# [EXERCISE AIM]
Report every line of the records beneath this task that holds the string "ezdxf".

Data entries:
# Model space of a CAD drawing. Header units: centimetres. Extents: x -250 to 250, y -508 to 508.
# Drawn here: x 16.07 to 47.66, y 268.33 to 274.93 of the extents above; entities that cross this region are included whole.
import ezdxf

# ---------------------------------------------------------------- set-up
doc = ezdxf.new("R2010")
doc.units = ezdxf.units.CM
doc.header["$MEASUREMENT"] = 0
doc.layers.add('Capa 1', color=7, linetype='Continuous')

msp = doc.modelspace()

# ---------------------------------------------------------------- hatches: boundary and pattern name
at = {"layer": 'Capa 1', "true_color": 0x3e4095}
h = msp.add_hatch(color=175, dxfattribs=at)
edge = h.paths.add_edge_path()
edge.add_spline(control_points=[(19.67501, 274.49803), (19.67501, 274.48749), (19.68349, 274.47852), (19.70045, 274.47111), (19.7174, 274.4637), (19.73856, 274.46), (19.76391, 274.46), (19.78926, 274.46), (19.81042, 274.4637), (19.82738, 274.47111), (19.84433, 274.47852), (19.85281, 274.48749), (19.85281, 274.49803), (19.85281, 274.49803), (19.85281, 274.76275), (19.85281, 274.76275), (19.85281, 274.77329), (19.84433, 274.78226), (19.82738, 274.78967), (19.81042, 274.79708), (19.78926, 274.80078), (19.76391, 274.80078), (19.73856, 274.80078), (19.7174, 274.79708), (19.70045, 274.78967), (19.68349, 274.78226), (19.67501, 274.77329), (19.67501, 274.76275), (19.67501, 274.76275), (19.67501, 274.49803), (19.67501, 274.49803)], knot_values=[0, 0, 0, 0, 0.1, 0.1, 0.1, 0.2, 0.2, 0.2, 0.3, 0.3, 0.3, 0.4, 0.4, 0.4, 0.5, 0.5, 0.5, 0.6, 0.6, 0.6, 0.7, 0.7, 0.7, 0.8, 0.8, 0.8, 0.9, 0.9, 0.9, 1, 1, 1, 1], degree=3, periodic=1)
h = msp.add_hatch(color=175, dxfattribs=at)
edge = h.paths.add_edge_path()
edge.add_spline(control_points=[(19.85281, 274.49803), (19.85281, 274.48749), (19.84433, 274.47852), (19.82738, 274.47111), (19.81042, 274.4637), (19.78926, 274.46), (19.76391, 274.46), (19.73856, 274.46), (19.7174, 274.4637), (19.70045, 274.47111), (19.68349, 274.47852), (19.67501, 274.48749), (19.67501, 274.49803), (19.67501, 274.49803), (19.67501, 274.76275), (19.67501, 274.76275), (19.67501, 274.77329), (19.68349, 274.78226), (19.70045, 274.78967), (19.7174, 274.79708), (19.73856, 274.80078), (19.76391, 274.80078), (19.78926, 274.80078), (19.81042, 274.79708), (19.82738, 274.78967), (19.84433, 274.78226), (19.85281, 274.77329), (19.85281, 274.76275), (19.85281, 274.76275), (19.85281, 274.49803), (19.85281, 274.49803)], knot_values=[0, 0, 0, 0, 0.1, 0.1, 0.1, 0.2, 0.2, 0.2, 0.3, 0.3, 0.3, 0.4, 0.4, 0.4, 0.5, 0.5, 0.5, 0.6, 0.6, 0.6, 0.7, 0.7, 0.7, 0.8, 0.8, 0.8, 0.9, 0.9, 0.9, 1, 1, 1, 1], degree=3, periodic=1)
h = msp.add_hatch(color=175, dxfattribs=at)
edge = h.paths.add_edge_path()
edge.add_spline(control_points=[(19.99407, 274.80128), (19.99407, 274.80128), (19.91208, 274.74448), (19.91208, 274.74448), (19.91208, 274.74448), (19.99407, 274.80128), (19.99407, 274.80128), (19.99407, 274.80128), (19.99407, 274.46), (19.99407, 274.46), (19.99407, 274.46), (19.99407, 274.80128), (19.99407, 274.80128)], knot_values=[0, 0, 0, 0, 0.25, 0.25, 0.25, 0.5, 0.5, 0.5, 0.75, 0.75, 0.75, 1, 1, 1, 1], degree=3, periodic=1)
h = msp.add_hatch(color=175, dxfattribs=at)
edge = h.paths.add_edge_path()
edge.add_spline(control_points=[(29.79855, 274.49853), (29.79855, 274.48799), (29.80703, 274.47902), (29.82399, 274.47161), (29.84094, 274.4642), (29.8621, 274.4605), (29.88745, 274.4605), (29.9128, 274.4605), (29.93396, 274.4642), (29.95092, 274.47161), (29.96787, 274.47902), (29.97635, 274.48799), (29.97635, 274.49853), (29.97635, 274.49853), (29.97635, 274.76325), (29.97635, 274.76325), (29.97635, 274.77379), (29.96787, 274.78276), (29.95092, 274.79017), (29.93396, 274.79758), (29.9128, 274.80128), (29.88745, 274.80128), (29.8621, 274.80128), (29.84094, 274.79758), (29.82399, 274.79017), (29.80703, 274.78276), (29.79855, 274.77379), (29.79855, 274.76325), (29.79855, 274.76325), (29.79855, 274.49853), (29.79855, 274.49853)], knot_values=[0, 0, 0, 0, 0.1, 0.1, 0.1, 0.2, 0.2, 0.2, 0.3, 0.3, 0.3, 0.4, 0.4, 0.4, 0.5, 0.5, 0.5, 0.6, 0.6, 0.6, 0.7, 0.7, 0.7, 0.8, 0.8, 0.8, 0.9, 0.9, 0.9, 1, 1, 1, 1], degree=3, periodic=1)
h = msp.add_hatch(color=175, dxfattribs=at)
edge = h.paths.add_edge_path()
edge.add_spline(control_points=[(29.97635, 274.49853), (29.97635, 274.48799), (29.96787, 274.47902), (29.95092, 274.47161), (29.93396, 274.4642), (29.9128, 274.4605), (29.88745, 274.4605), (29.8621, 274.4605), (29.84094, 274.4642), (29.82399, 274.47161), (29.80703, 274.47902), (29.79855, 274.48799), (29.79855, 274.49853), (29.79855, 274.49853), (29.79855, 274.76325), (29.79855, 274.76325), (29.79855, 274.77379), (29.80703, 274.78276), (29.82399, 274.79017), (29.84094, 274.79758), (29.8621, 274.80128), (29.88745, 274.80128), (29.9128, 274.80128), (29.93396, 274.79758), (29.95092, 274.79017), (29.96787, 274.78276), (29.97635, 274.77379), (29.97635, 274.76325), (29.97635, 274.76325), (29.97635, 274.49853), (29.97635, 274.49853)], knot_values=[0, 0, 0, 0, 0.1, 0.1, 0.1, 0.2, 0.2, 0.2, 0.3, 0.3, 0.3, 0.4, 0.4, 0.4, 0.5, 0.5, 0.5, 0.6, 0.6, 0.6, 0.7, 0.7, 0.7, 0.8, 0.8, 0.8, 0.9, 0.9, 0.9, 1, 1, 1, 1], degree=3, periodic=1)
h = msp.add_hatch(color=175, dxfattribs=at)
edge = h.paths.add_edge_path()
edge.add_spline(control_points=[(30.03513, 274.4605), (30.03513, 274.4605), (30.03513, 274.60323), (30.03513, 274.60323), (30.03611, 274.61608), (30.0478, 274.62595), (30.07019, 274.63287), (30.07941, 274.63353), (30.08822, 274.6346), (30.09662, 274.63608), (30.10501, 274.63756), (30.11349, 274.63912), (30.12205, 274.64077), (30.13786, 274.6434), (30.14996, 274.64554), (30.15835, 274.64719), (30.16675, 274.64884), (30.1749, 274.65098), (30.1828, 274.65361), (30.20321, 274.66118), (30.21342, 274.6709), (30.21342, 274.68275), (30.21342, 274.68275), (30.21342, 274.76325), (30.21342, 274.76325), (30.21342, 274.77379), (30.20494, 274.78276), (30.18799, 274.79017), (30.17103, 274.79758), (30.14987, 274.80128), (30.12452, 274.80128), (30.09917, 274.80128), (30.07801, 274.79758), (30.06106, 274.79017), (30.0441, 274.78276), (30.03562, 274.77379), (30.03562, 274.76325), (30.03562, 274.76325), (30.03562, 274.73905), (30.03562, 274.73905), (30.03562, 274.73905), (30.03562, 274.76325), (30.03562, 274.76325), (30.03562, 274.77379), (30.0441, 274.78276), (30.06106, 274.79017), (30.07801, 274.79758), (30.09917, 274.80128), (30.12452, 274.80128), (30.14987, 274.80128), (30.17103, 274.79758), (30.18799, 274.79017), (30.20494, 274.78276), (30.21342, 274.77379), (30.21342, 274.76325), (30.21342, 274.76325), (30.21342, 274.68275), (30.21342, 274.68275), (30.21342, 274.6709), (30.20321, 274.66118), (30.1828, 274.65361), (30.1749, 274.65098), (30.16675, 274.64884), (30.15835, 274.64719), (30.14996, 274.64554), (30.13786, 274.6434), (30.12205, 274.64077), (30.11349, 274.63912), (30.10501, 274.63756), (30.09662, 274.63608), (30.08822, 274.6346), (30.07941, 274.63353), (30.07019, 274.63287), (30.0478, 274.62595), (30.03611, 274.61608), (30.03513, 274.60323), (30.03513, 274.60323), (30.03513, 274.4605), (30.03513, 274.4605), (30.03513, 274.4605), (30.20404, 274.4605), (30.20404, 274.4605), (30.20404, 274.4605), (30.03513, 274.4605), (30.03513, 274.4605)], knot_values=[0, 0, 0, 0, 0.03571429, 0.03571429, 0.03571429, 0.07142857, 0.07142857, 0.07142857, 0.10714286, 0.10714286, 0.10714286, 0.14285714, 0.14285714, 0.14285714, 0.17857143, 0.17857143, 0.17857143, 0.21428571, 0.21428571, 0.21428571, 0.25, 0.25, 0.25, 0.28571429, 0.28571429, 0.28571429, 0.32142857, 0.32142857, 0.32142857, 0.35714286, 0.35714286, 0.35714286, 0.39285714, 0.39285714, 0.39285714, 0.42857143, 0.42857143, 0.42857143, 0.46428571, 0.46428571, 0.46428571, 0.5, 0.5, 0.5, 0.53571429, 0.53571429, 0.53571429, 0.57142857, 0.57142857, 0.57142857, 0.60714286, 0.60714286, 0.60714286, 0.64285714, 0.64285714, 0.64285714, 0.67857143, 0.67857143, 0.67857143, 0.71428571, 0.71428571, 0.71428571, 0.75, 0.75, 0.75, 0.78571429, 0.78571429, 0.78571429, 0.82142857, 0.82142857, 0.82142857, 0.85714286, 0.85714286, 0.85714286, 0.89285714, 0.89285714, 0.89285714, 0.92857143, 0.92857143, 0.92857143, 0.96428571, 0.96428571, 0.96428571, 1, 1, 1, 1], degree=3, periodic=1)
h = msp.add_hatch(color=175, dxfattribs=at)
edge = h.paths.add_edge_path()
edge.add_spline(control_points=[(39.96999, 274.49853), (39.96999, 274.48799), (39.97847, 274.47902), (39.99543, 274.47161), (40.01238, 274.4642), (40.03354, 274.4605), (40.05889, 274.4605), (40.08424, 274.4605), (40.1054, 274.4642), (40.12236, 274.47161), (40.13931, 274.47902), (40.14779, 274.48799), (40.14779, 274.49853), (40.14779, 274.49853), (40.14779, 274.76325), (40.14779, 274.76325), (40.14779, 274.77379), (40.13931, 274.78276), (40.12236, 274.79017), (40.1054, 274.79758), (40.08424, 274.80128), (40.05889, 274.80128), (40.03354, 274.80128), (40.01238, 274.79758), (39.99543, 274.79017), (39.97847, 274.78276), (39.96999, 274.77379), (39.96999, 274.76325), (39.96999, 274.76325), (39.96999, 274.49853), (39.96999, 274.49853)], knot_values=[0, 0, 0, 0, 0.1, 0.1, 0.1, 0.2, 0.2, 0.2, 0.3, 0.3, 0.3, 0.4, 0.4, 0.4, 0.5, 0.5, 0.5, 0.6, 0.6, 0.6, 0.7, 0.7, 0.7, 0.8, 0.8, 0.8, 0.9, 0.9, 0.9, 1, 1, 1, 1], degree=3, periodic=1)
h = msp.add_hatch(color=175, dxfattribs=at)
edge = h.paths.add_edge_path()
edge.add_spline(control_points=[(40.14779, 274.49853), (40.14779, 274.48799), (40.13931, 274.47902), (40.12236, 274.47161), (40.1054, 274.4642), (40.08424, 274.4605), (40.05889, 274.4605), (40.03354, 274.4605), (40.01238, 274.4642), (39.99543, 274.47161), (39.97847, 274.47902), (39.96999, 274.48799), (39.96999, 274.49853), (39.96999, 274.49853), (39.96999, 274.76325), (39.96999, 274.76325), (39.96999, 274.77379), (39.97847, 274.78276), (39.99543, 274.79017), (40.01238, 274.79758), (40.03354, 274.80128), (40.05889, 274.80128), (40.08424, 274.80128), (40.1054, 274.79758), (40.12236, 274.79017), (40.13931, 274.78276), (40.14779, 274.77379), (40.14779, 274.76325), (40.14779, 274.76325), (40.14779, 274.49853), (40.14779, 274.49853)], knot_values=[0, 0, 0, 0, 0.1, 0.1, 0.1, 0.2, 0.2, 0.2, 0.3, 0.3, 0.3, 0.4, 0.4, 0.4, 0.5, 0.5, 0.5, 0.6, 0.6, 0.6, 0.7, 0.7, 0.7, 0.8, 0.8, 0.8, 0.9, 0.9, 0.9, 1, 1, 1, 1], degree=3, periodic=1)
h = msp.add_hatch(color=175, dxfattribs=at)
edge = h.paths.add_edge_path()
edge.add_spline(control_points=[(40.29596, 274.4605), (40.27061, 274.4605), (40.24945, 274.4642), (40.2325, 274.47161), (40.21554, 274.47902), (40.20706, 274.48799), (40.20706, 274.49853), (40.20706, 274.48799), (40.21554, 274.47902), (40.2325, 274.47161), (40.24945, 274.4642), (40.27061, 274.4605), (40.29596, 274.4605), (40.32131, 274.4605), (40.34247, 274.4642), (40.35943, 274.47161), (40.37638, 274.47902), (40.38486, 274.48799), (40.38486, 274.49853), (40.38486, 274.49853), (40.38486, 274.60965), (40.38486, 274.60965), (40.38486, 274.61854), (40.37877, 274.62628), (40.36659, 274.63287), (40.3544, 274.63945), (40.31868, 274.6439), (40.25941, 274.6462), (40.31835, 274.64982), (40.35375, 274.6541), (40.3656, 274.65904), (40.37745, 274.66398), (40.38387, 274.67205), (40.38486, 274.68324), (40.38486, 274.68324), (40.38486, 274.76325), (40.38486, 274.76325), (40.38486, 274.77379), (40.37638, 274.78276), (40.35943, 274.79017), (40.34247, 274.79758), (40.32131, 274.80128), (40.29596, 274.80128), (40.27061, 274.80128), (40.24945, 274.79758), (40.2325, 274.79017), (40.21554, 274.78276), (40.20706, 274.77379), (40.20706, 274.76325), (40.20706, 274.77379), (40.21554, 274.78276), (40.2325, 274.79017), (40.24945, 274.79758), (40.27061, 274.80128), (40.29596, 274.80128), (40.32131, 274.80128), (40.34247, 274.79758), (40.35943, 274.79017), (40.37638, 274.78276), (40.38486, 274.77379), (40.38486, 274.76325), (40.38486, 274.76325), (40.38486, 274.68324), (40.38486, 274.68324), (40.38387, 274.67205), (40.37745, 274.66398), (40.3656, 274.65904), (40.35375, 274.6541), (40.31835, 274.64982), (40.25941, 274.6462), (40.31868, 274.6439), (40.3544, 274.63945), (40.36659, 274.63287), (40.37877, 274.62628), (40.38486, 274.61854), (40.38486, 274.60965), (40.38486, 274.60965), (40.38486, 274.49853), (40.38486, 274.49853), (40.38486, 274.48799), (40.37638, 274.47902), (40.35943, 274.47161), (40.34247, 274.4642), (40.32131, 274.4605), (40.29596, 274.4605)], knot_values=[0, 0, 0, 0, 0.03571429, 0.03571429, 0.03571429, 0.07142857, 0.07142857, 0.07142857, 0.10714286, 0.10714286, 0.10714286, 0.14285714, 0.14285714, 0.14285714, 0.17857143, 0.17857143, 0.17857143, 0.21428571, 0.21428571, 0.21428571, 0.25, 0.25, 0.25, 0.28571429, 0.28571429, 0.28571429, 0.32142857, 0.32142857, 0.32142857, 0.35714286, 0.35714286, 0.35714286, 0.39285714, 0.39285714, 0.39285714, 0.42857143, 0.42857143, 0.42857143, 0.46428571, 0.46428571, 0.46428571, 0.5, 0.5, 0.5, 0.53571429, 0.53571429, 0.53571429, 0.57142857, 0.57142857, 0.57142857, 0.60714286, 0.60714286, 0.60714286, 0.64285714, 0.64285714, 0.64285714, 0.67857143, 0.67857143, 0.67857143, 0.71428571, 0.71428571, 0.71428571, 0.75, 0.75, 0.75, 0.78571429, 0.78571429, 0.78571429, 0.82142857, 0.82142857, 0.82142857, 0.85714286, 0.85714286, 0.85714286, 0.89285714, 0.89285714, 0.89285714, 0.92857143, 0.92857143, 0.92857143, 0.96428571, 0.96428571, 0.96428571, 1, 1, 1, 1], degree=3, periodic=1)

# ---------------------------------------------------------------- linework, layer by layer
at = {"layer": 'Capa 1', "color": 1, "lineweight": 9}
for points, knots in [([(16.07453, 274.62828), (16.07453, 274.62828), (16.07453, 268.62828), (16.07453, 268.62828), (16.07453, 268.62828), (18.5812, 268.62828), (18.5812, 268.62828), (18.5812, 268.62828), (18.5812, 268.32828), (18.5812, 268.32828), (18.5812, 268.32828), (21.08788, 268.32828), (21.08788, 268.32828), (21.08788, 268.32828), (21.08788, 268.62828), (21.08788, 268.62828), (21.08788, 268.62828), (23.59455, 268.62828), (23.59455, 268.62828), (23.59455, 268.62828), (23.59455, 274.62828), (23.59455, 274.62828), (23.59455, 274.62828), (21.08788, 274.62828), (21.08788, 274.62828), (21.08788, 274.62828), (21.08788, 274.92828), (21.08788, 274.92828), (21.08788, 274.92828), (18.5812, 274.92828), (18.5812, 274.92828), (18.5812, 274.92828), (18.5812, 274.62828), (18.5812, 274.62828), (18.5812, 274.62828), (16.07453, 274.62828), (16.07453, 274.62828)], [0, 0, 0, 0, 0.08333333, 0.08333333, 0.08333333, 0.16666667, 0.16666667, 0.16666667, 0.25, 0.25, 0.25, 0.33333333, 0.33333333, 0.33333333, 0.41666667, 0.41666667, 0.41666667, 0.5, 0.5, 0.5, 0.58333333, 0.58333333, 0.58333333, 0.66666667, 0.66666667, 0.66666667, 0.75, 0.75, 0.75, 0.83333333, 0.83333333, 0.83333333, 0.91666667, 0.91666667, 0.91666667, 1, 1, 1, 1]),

# [RESULT OF THIS EXERCISE]
import ezdxf
doc = ezdxf.new("R2010")
doc.units = ezdxf.units.CM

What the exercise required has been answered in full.